(Items from a data source)
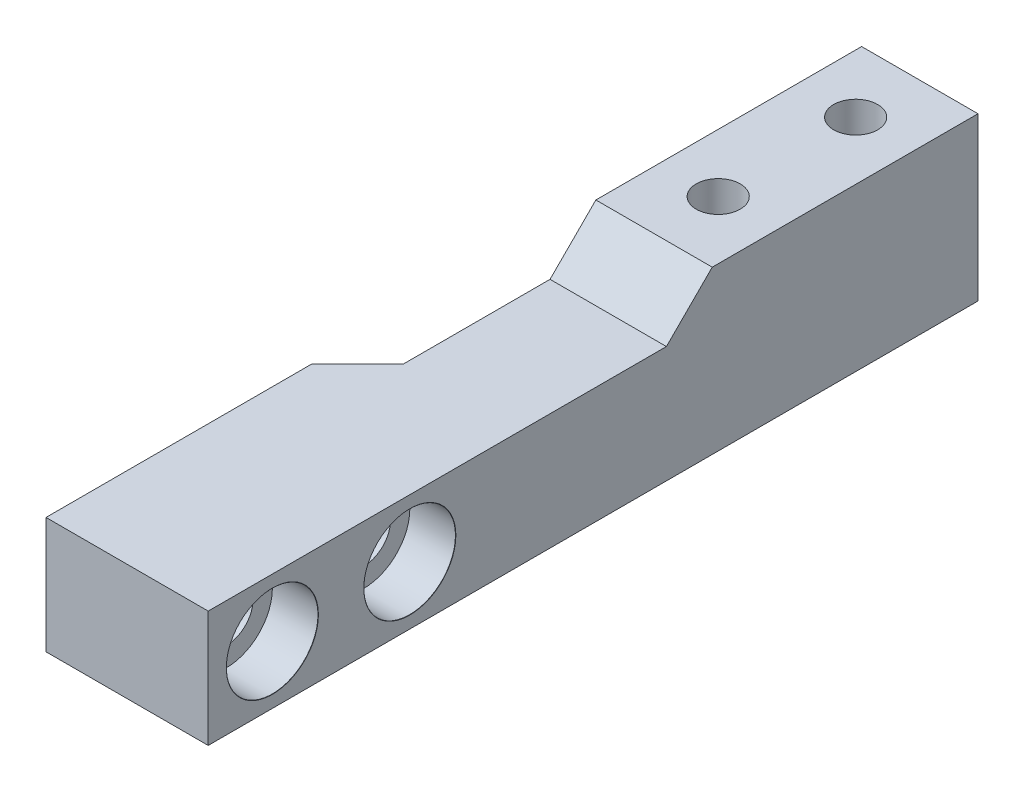
ISO-10303-21;
HEADER;
FILE_DESCRIPTION(('STEP AP214'),'2;1');
FILE_NAME('part.step','',(''),(''),'','','');
FILE_SCHEMA(('AUTOMOTIVE_DESIGN { 1 0 10303 214 1 1 1 1 }'));
ENDSEC;
DATA;
#1=APPLICATION_CONTEXT('core data for automotive mechanical design processes');
#2=APPLICATION_PROTOCOL_DEFINITION('international standard','automotive_design',2000,#1);
#3=PRODUCT_CONTEXT('',#1,'mechanical');
#4=PRODUCT('Part','Part','',(#3));
#5=PRODUCT_RELATED_PRODUCT_CATEGORY('part','',(#4));
#6=PRODUCT_DEFINITION_FORMATION('','',#4);
#7=PRODUCT_DEFINITION_CONTEXT('part definition',#1,'design');
#8=PRODUCT_DEFINITION('design','',#6,#7);
#9=PRODUCT_DEFINITION_SHAPE('','',#8);
#10=(LENGTH_UNIT() NAMED_UNIT(*) SI_UNIT(.MILLI.,.METRE.));
#11=(NAMED_UNIT(*) PLANE_ANGLE_UNIT() SI_UNIT($,.RADIAN.));
#12=(NAMED_UNIT(*) SI_UNIT($,.STERADIAN.) SOLID_ANGLE_UNIT());
#13=UNCERTAINTY_MEASURE_WITH_UNIT(LENGTH_MEASURE(1.E-05),#10,'distance_accuracy_value','');
#14=(GEOMETRIC_REPRESENTATION_CONTEXT(3) GLOBAL_UNCERTAINTY_ASSIGNED_CONTEXT((#13)) GLOBAL_UNIT_ASSIGNED_CONTEXT((#10,
#11,#12)) REPRESENTATION_CONTEXT('',''));
#15=CARTESIAN_POINT('',(0.,0.,0.));
#16=DIRECTION('',(0.,0.,1.));
#17=DIRECTION('',(1.,0.,0.));
#18=AXIS2_PLACEMENT_3D('',#15,#16,#17);
#19=CARTESIAN_POINT('',(-6.35,12.7,42.));
#20=DIRECTION('',(1.,0.,0.));
#21=DIRECTION('',(0.,0.,-1.));
#22=AXIS2_PLACEMENT_3D('',#19,#20,#21);
#23=PLANE('',#22);
#24=DIRECTION('',(0.,0.,1.));
#25=VECTOR('',#24,1.);
#26=CARTESIAN_POINT('',(-6.35,0.,42.));
#27=LINE('',#26,#25);
#28=CARTESIAN_POINT('',(-6.35,0.,-42.));
#29=VERTEX_POINT('',#28);
#30=CARTESIAN_POINT('',(-6.35,0.,8.00000000000004));
#31=VERTEX_POINT('',#30);
#32=EDGE_CURVE('E220',#29,#31,#27,.T.);
#33=ORIENTED_EDGE('',*,*,#32,.T.);
#34=DIRECTION('',(0.,1.,0.));
#35=VECTOR('',#34,1.);
#36=CARTESIAN_POINT('',(-6.35,12.7,8.00000000000004));
#37=LINE('',#36,#35);
#38=CARTESIAN_POINT('',(-6.35,12.7,8.00000000000005));
#39=VERTEX_POINT('',#38);
#40=EDGE_CURVE('E235',#31,#39,#37,.T.);
#41=ORIENTED_EDGE('',*,*,#40,.T.);
#42=DIRECTION('',(0.,0.,1.));
#43=VECTOR('',#42,1.);
#44=CARTESIAN_POINT('',(-6.35,12.7,42.));
#45=LINE('',#44,#43);
#46=CARTESIAN_POINT('',(-6.35,12.7,-7.99999999999999));
#47=VERTEX_POINT('',#46);
#48=EDGE_CURVE('E121',#47,#39,#45,.T.);
#49=ORIENTED_EDGE('',*,*,#48,.F.);
#50=DIRECTION('',(0.,-0.707106781186551,0.707106781186544));
#51=VECTOR('',#50,1.);
#52=CARTESIAN_POINT('',(-6.35,-12.3,16.9999999999997));
#53=LINE('',#52,#51);
#54=CARTESIAN_POINT('',(-6.34999999999994,17.7,-13.));
#55=VERTEX_POINT('',#54);
#56=EDGE_CURVE('E11',#47,#55,#53,.F.);
#57=ORIENTED_EDGE('',*,*,#56,.T.);
#58=DIRECTION('',(0.,0.,1.));
#59=VECTOR('',#58,1.);
#60=CARTESIAN_POINT('',(-6.34999999999994,17.7,-42.));
#61=LINE('',#60,#59);
#62=CARTESIAN_POINT('',(-6.34999999999994,17.7,-42.));
#63=VERTEX_POINT('',#62);
#64=EDGE_CURVE('E191',#63,#55,#61,.T.);
#65=ORIENTED_EDGE('',*,*,#64,.F.);
#66=DIRECTION('',(0.,-1.,0.));
#67=VECTOR('',#66,1.);
#68=CARTESIAN_POINT('',(-6.35,12.7,-42.));
#69=LINE('',#68,#67);
#70=EDGE_CURVE('E227',#63,#29,#69,.T.);
#71=ORIENTED_EDGE('',*,*,#70,.T.);
#72=EDGE_LOOP('',(#33,#41,#49,#57,#65,#71));
#73=FACE_BOUND('',#72,.T.);
#74=ADVANCED_FACE('F45',(#73),#23,.F.);
#75=CARTESIAN_POINT('',(0.,12.7,0.));
#76=DIRECTION('',(0.,-1.,0.));
#77=DIRECTION('',(0.,0.,-1.));
#78=AXIS2_PLACEMENT_3D('',#75,#76,#77);
#79=PLANE('',#78);
#80=DIRECTION('',(0.,0.,-1.));
#81=VECTOR('',#80,1.);
#82=CARTESIAN_POINT('',(6.35,12.7,42.));
#83=LINE('',#82,#81);
#84=CARTESIAN_POINT('',(6.35,12.7,42.));
#85=VERTEX_POINT('',#84);
#86=CARTESIAN_POINT('',(6.35,12.7,-7.99999999999999));
#87=VERTEX_POINT('',#86);
#88=EDGE_CURVE('E208',#85,#87,#83,.T.);
#89=ORIENTED_EDGE('',*,*,#88,.T.);
#90=DIRECTION('',(-1.,0.,0.));
#91=VECTOR('',#90,1.);
#92=CARTESIAN_POINT('',(-6.35,12.7,-8.00000000000001));
#93=LINE('',#92,#91);
#94=EDGE_CURVE('E238',#87,#47,#93,.T.);
#95=ORIENTED_EDGE('',*,*,#94,.T.);
#96=ORIENTED_EDGE('',*,*,#48,.T.);
#97=DIRECTION('',(0.707106781186552,0.,-0.707106781186543));
#98=VECTOR('',#97,1.);
#99=CARTESIAN_POINT('',(0.825000000000056,12.7,0.825000000000066));
#100=LINE('',#99,#98);
#101=CARTESIAN_POINT('',(-11.35,12.7,13.));
#102=VERTEX_POINT('',#101);
#103=EDGE_CURVE('E128',#39,#102,#100,.F.);
#104=ORIENTED_EDGE('',*,*,#103,.T.);
#105=DIRECTION('',(0.,0.,-1.));
#106=VECTOR('',#105,1.);
#107=CARTESIAN_POINT('',(-11.35,12.7,42.));
#108=LINE('',#107,#106);
#109=CARTESIAN_POINT('',(-11.35,12.7,42.));
#110=VERTEX_POINT('',#109);
#111=EDGE_CURVE('E124',#110,#102,#108,.T.);
#112=ORIENTED_EDGE('',*,*,#111,.F.);
#113=DIRECTION('',(1.,0.,0.));
#114=VECTOR('',#113,1.);
#115=CARTESIAN_POINT('',(-6.35,12.7,42.));
#116=LINE('',#115,#114);
#117=EDGE_CURVE('E112',#110,#85,#116,.T.);
#118=ORIENTED_EDGE('',*,*,#117,.T.);
#119=EDGE_LOOP('',(#89,#95,#96,#104,#112,#118));
#120=FACE_BOUND('',#119,.T.);
#121=ADVANCED_FACE('F125',(#120),#79,.F.);
#122=CARTESIAN_POINT('',(6.35,12.7,42.));
#123=DIRECTION('',(-1.,0.,0.));
#124=DIRECTION('',(0.,0.,1.));
#125=AXIS2_PLACEMENT_3D('',#122,#123,#124);
#126=PLANE('',#125);
#127=CARTESIAN_POINT('',(6.35,6.35,35.));
#128=DIRECTION('',(1.,0.,0.));
#129=DIRECTION('',(0.,0.,-1.));
#130=AXIS2_PLACEMENT_3D('',#127,#128,#129);
#131=CIRCLE('',#130,5.025);
#132=CARTESIAN_POINT('',(6.35,6.35,29.975));
#133=VERTEX_POINT('',#132);
#134=EDGE_CURVE('E636',#133,#133,#131,.T.);
#135=ORIENTED_EDGE('',*,*,#134,.F.);
#136=EDGE_LOOP('',(#135));
#137=FACE_BOUND('',#136,.T.);
#138=CARTESIAN_POINT('',(6.35,6.35,20.));
#139=DIRECTION('',(1.,0.,0.));
#140=DIRECTION('',(0.,0.,-1.));
#141=AXIS2_PLACEMENT_3D('',#138,#139,#140);
#142=CIRCLE('',#141,5.025);
#143=CARTESIAN_POINT('',(6.35,6.35,14.975));
#144=VERTEX_POINT('',#143);
#145=EDGE_CURVE('E618',#144,#144,#142,.T.);
#146=ORIENTED_EDGE('',*,*,#145,.F.);
#147=EDGE_LOOP('',(#146));
#148=FACE_BOUND('',#147,.T.);
#149=DIRECTION('',(0.,0.,-1.));
#150=VECTOR('',#149,1.);
#151=CARTESIAN_POINT('',(6.35,0.,42.));
#152=LINE('',#151,#150);
#153=CARTESIAN_POINT('',(6.35,0.,42.));
#154=VERTEX_POINT('',#153);
#155=CARTESIAN_POINT('',(6.35,0.,-42.));
#156=VERTEX_POINT('',#155);
#157=EDGE_CURVE('E207',#154,#156,#152,.T.);
#158=ORIENTED_EDGE('',*,*,#157,.T.);
#159=DIRECTION('',(0.,-1.,0.));
#160=VECTOR('',#159,1.);
#161=CARTESIAN_POINT('',(6.35,12.7,-42.));
#162=LINE('',#161,#160);
#163=CARTESIAN_POINT('',(6.34999999999994,17.7,-42.));
#164=VERTEX_POINT('',#163);
#165=EDGE_CURVE('E231',#164,#156,#162,.T.);
#166=ORIENTED_EDGE('',*,*,#165,.F.);
#167=DIRECTION('',(0.,0.,-1.));
#168=VECTOR('',#167,1.);
#169=CARTESIAN_POINT('',(6.34999999999994,17.7,-42.));
#170=LINE('',#169,#168);
#171=CARTESIAN_POINT('',(6.35000000000006,17.7,-13.));
#172=VERTEX_POINT('',#171);
#173=EDGE_CURVE('E199',#172,#164,#170,.T.);
#174=ORIENTED_EDGE('',*,*,#173,.F.);
#175=DIRECTION('',(0.,0.707106781186551,-0.707106781186544));
#176=VECTOR('',#175,1.);
#177=CARTESIAN_POINT('',(6.35,-12.3,16.9999999999997));
#178=LINE('',#177,#176);
#179=EDGE_CURVE('E55',#172,#87,#178,.F.);
#180=ORIENTED_EDGE('',*,*,#179,.T.);
#181=ORIENTED_EDGE('',*,*,#88,.F.);
#182=DIRECTION('',(0.,-1.,0.));
#183=VECTOR('',#182,1.);
#184=CARTESIAN_POINT('',(6.35,12.7,42.));
#185=LINE('',#184,#183);
#186=EDGE_CURVE('E118',#85,#154,#185,.T.);
#187=ORIENTED_EDGE('',*,*,#186,.T.);
#188=EDGE_LOOP('',(#158,#166,#174,#180,#181,#187));
#189=FACE_BOUND('',#188,.T.);
#190=ADVANCED_FACE('F256',(#137,#148,#189),#126,.F.);
#191=CARTESIAN_POINT('',(-6.35,12.7,-42.));
#192=DIRECTION('',(0.,0.,1.));
#193=DIRECTION('',(1.,0.,0.));
#194=AXIS2_PLACEMENT_3D('',#191,#192,#193);
#195=PLANE('',#194);
#196=DIRECTION('',(-1.,0.,0.));
#197=VECTOR('',#196,1.);
#198=CARTESIAN_POINT('',(-6.35,0.,-42.));
#199=LINE('',#198,#197);
#200=EDGE_CURVE('E217',#156,#29,#199,.T.);
#201=ORIENTED_EDGE('',*,*,#200,.T.);
#202=ORIENTED_EDGE('',*,*,#70,.F.);
#203=DIRECTION('',(-1.,0.,0.));
#204=VECTOR('',#203,1.);
#205=CARTESIAN_POINT('',(-6.34999999999994,17.7,-42.));
#206=LINE('',#205,#204);
#207=EDGE_CURVE('E203',#164,#63,#206,.T.);
#208=ORIENTED_EDGE('',*,*,#207,.F.);
#209=ORIENTED_EDGE('',*,*,#165,.T.);
#210=EDGE_LOOP('',(#201,#202,#208,#209));
#211=FACE_BOUND('',#210,.T.);
#212=ADVANCED_FACE('F259',(#211),#195,.F.);
#213=CARTESIAN_POINT('',(-6.35,12.7,42.));
#214=DIRECTION('',(0.,0.,-1.));
#215=DIRECTION('',(-1.,0.,0.));
#216=AXIS2_PLACEMENT_3D('',#213,#214,#215);
#217=PLANE('',#216);
#218=DIRECTION('',(1.,0.,0.));
#219=VECTOR('',#218,1.);
#220=CARTESIAN_POINT('',(-6.35,0.,42.));
#221=LINE('',#220,#219);
#222=CARTESIAN_POINT('',(-11.35,0.,42.));
#223=VERTEX_POINT('',#222);
#224=EDGE_CURVE('E211',#223,#154,#221,.T.);
#225=ORIENTED_EDGE('',*,*,#224,.T.);
#226=ORIENTED_EDGE('',*,*,#186,.F.);
#227=ORIENTED_EDGE('',*,*,#117,.F.);
#228=DIRECTION('',(0.,1.,0.));
#229=VECTOR('',#228,1.);
#230=CARTESIAN_POINT('',(-11.35,12.7,42.));
#231=LINE('',#230,#229);
#232=EDGE_CURVE('E116',#223,#110,#231,.T.);
#233=ORIENTED_EDGE('',*,*,#232,.F.);
#234=EDGE_LOOP('',(#225,#226,#227,#233));
#235=FACE_BOUND('',#234,.T.);
#236=ADVANCED_FACE('F114',(#235),#217,.F.);
#237=CARTESIAN_POINT('',(0.,0.,0.));
#238=DIRECTION('',(0.,-1.,0.));
#239=DIRECTION('',(0.,0.,-1.));
#240=AXIS2_PLACEMENT_3D('',#237,#238,#239);
#241=PLANE('',#240);
#242=CARTESIAN_POINT('',(0.,0.,-35.));
#243=DIRECTION('',(0.,-1.,0.));
#244=DIRECTION('',(0.,0.,-1.));
#245=AXIS2_PLACEMENT_3D('',#242,#243,#244);
#246=CIRCLE('',#245,4.025);
#247=CARTESIAN_POINT('',(0.,0.,-39.025));
#248=VERTEX_POINT('',#247);
#249=EDGE_CURVE('E151',#248,#248,#246,.T.);
#250=ORIENTED_EDGE('',*,*,#249,.F.);
#251=EDGE_LOOP('',(#250));
#252=FACE_BOUND('',#251,.T.);
#253=CARTESIAN_POINT('',(0.,0.,-20.));
#254=DIRECTION('',(0.,-1.,0.));
#255=DIRECTION('',(0.,0.,-1.));
#256=AXIS2_PLACEMENT_3D('',#253,#254,#255);
#257=CIRCLE('',#256,4.025);
#258=CARTESIAN_POINT('',(0.,0.,-24.025));
#259=VERTEX_POINT('',#258);
#260=EDGE_CURVE('E171',#259,#259,#257,.T.);
#261=ORIENTED_EDGE('',*,*,#260,.F.);
#262=EDGE_LOOP('',(#261));
#263=FACE_BOUND('',#262,.T.);
#264=ORIENTED_EDGE('',*,*,#157,.F.);
#265=ORIENTED_EDGE('',*,*,#224,.F.);
#266=DIRECTION('',(0.,0.,1.));
#267=VECTOR('',#266,1.);
#268=CARTESIAN_POINT('',(-11.35,0.,42.));
#269=LINE('',#268,#267);
#270=CARTESIAN_POINT('',(-11.35,0.,13.));
#271=VERTEX_POINT('',#270);
#272=EDGE_CURVE('E137',#271,#223,#269,.T.);
#273=ORIENTED_EDGE('',*,*,#272,.F.);
#274=DIRECTION('',(-0.707106781186552,0.,0.707106781186543));
#275=VECTOR('',#274,1.);
#276=CARTESIAN_POINT('',(-11.35,0.,13.));
#277=LINE('',#276,#275);
#278=EDGE_CURVE('E69',#271,#31,#277,.F.);
#279=ORIENTED_EDGE('',*,*,#278,.T.);
#280=ORIENTED_EDGE('',*,*,#32,.F.);
#281=ORIENTED_EDGE('',*,*,#200,.F.);
#282=EDGE_LOOP('',(#264,#265,#273,#279,#280,#281));
#283=FACE_BOUND('',#282,.T.);
#284=ADVANCED_FACE('F260',(#252,#263,#283),#241,.T.);
#285=CARTESIAN_POINT('',(0.,17.7,0.));
#286=DIRECTION('',(0.,1.,0.));
#287=DIRECTION('',(0.,0.,1.));
#288=AXIS2_PLACEMENT_3D('',#285,#286,#287);
#289=PLANE('',#288);
#290=CARTESIAN_POINT('',(0.,17.7,-35.));
#291=DIRECTION('',(0.,-1.,0.));
#292=DIRECTION('',(0.,0.,-1.));
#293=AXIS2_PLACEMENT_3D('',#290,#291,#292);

Exercise objective:
In the data above, each line holding "mechanical" is to be found and copied.

Solution for this task:
#1=APPLICATION_CONTEXT('core data for automotive mechanical design processes');
#3=PRODUCT_CONTEXT('',#1,'mechanical');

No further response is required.